Assigned task ▸ Only the lines from the top of the records below through the line containing "- added C4, C5: 10pF, symbol Device:C" should be printed, exactly and without pictures.
○ ○ ○ ○ ○ ○ ○
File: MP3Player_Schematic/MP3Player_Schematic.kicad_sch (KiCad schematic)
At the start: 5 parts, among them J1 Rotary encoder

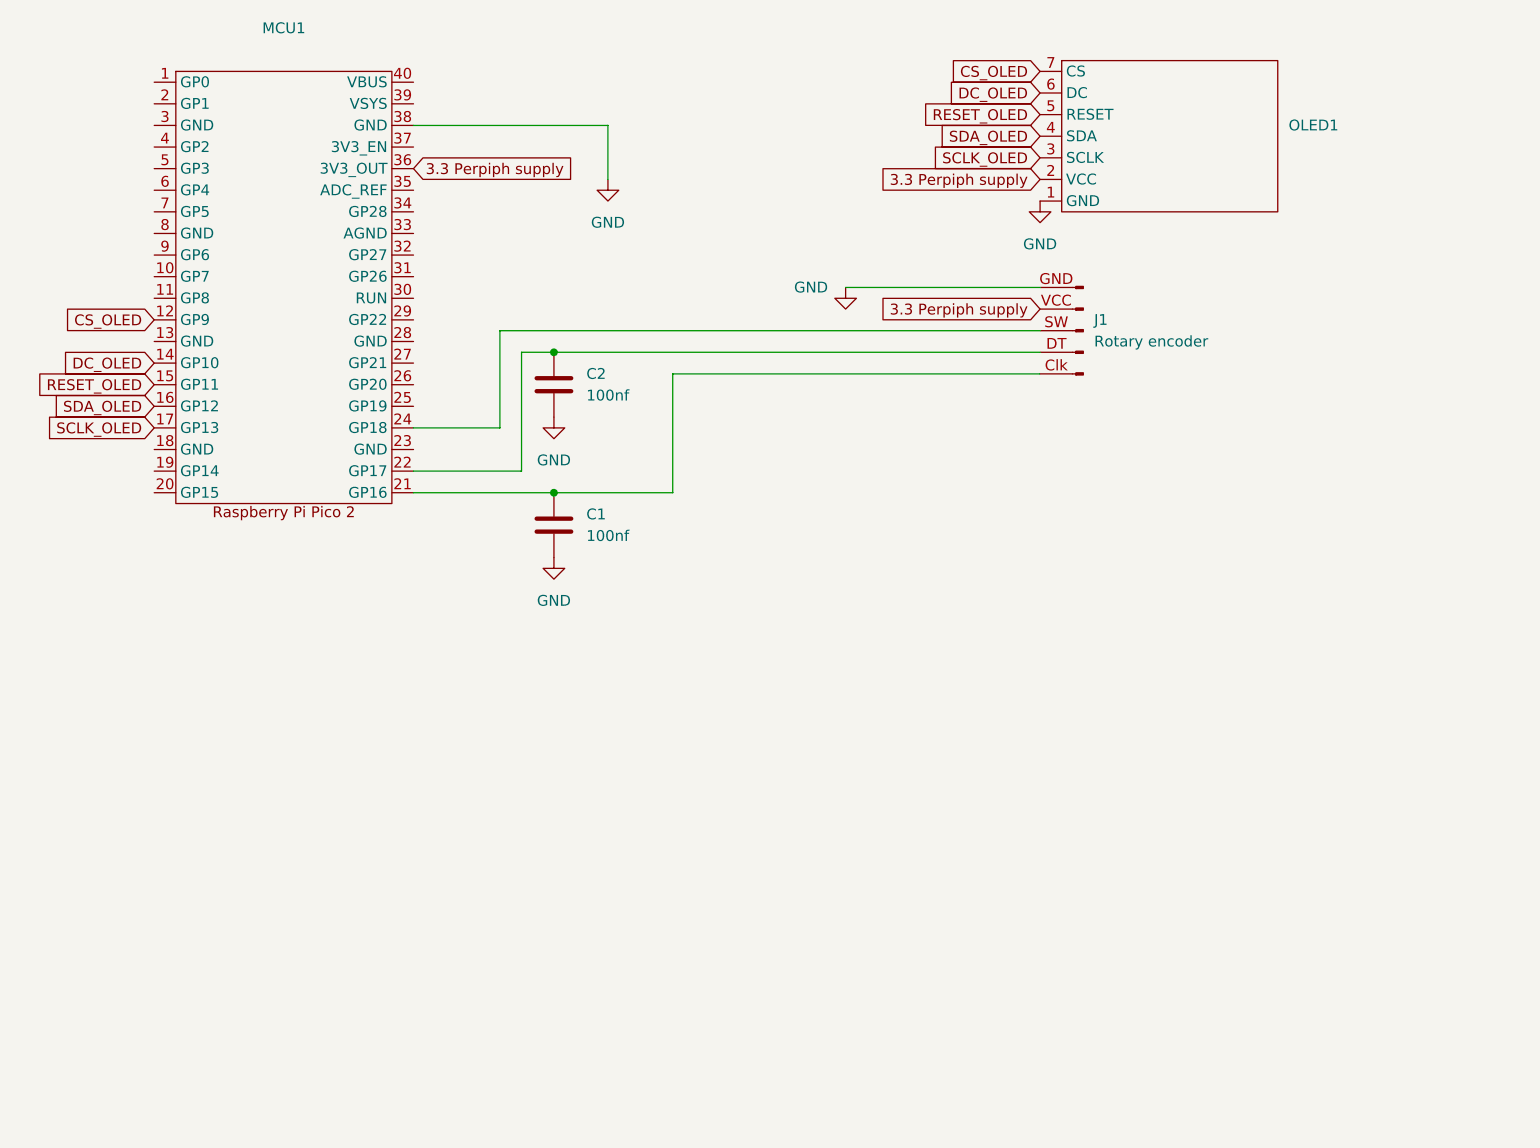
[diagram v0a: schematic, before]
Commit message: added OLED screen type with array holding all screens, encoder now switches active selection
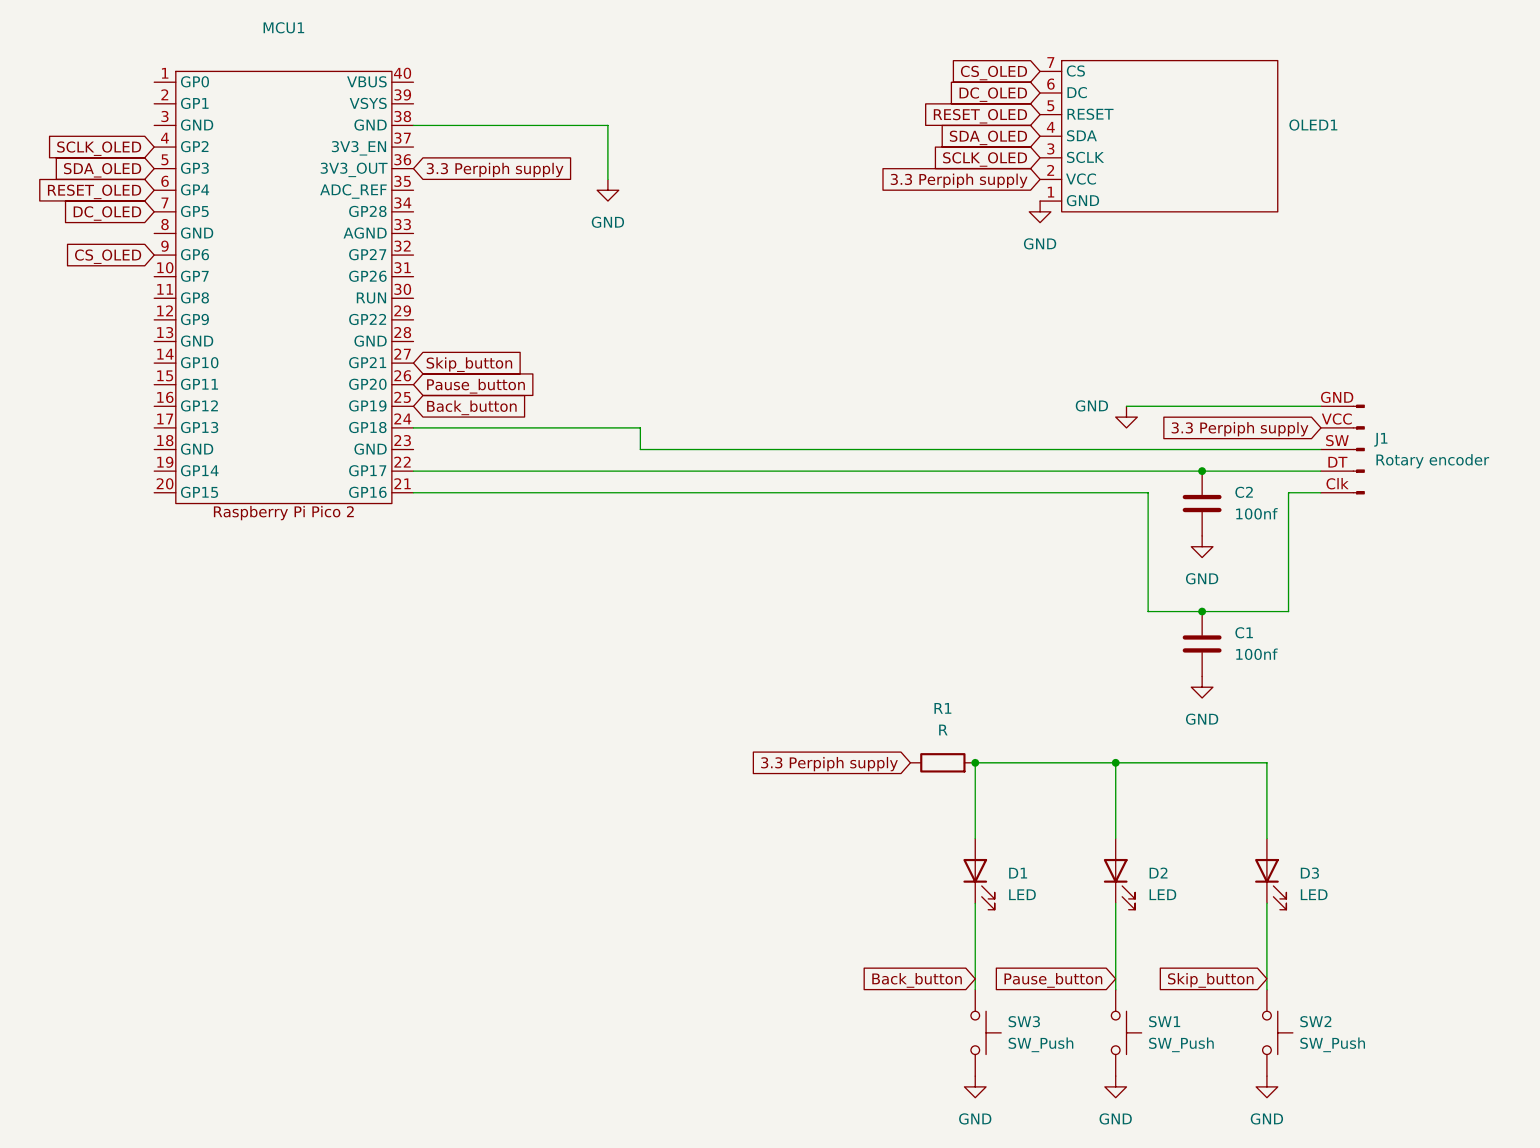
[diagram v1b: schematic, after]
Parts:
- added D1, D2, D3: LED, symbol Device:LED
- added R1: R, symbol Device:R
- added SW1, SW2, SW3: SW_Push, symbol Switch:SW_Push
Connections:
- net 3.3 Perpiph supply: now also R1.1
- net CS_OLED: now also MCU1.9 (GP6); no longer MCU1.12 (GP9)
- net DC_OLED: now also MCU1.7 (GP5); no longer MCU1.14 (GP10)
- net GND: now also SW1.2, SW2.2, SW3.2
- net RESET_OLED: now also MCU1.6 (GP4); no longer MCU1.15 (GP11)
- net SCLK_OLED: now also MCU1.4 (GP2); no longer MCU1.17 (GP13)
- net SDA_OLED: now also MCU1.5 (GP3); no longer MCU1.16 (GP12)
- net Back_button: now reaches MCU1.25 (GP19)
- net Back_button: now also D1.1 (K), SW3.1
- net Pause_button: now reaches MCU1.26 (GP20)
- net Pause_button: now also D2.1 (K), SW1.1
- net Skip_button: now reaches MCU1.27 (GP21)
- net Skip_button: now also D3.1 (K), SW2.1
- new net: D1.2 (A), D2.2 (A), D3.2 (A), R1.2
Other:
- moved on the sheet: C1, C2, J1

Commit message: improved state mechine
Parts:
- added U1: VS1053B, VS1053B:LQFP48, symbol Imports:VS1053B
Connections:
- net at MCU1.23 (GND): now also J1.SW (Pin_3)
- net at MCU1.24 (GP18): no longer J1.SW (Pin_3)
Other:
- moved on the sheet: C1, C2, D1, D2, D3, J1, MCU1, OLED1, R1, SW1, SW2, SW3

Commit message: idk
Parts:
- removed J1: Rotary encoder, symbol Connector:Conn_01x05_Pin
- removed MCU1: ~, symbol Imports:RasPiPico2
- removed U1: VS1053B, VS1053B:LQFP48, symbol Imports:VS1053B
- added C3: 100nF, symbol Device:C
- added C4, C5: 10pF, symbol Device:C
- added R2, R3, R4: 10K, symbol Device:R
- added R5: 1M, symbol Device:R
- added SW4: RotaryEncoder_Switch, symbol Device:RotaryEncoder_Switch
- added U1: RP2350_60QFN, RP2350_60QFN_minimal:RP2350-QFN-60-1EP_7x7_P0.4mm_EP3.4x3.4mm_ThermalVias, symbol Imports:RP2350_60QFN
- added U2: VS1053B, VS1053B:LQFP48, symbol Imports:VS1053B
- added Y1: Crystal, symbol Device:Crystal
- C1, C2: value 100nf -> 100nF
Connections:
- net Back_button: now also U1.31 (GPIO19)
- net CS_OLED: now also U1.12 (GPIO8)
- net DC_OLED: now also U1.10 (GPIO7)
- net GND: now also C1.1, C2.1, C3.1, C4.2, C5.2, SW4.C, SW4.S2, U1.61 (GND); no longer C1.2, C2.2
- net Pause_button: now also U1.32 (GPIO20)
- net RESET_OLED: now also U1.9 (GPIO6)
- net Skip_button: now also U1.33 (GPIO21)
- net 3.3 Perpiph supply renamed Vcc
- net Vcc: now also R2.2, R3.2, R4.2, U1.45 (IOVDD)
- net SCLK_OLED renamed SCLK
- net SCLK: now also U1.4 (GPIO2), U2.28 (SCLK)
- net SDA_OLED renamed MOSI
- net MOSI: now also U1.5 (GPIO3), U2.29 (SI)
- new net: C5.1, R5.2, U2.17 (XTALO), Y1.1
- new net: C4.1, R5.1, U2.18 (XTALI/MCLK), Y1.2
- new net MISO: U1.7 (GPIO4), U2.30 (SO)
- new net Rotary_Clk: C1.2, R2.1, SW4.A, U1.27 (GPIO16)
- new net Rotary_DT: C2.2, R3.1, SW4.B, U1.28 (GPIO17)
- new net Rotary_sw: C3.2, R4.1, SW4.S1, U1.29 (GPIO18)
○ ○ ○ ○ ○ ○ ○
Exercise answer ▸
File: MP3Player_Schematic/MP3Player_Schematic.kicad_sch (KiCad schematic)
At the start: 5 parts, among them J1 Rotary encoder

[diagram v0a: schematic, before]
Commit message: added OLED screen type with array holding all screens, encoder now switches active selection
[diagram v1b: schematic, after]
Parts:
- added D1, D2, D3: LED, symbol Device:LED
- added R1: R, symbol Device:R
- added SW1, SW2, SW3: SW_Push, symbol Switch:SW_Push
Connections:
- net 3.3 Perpiph supply: now also R1.1
- net CS_OLED: now also MCU1.9 (GP6); no longer MCU1.12 (GP9)
- net DC_OLED: now also MCU1.7 (GP5); no longer MCU1.14 (GP10)
- net GND: now also SW1.2, SW2.2, SW3.2
- net RESET_OLED: now also MCU1.6 (GP4); no longer MCU1.15 (GP11)
- net SCLK_OLED: now also MCU1.4 (GP2); no longer MCU1.17 (GP13)
- net SDA_OLED: now also MCU1.5 (GP3); no longer MCU1.16 (GP12)
- net Back_button: now reaches MCU1.25 (GP19)
- net Back_button: now also D1.1 (K), SW3.1
- net Pause_button: now reaches MCU1.26 (GP20)
- net Pause_button: now also D2.1 (K), SW1.1
- net Skip_button: now reaches MCU1.27 (GP21)
- net Skip_button: now also D3.1 (K), SW2.1
- new net: D1.2 (A), D2.2 (A), D3.2 (A), R1.2
Other:
- moved on the sheet: C1, C2, J1

Commit message: improved state mechine
Parts:
- added U1: VS1053B, VS1053B:LQFP48, symbol Imports:VS1053B
Connections:
- net at MCU1.23 (GND): now also J1.SW (Pin_3)
- net at MCU1.24 (GP18): no longer J1.SW (Pin_3)
Other:
- moved on the sheet: C1, C2, D1, D2, D3, J1, MCU1, OLED1, R1, SW1, SW2, SW3

Commit message: idk
Parts:
- removed J1: Rotary encoder, symbol Connector:Conn_01x05_Pin
- removed MCU1: ~, symbol Imports:RasPiPico2
- removed U1: VS1053B, VS1053B:LQFP48, symbol Imports:VS1053B
- added C3: 100nF, symbol Device:C
- added C4, C5: 10pF, symbol Device:C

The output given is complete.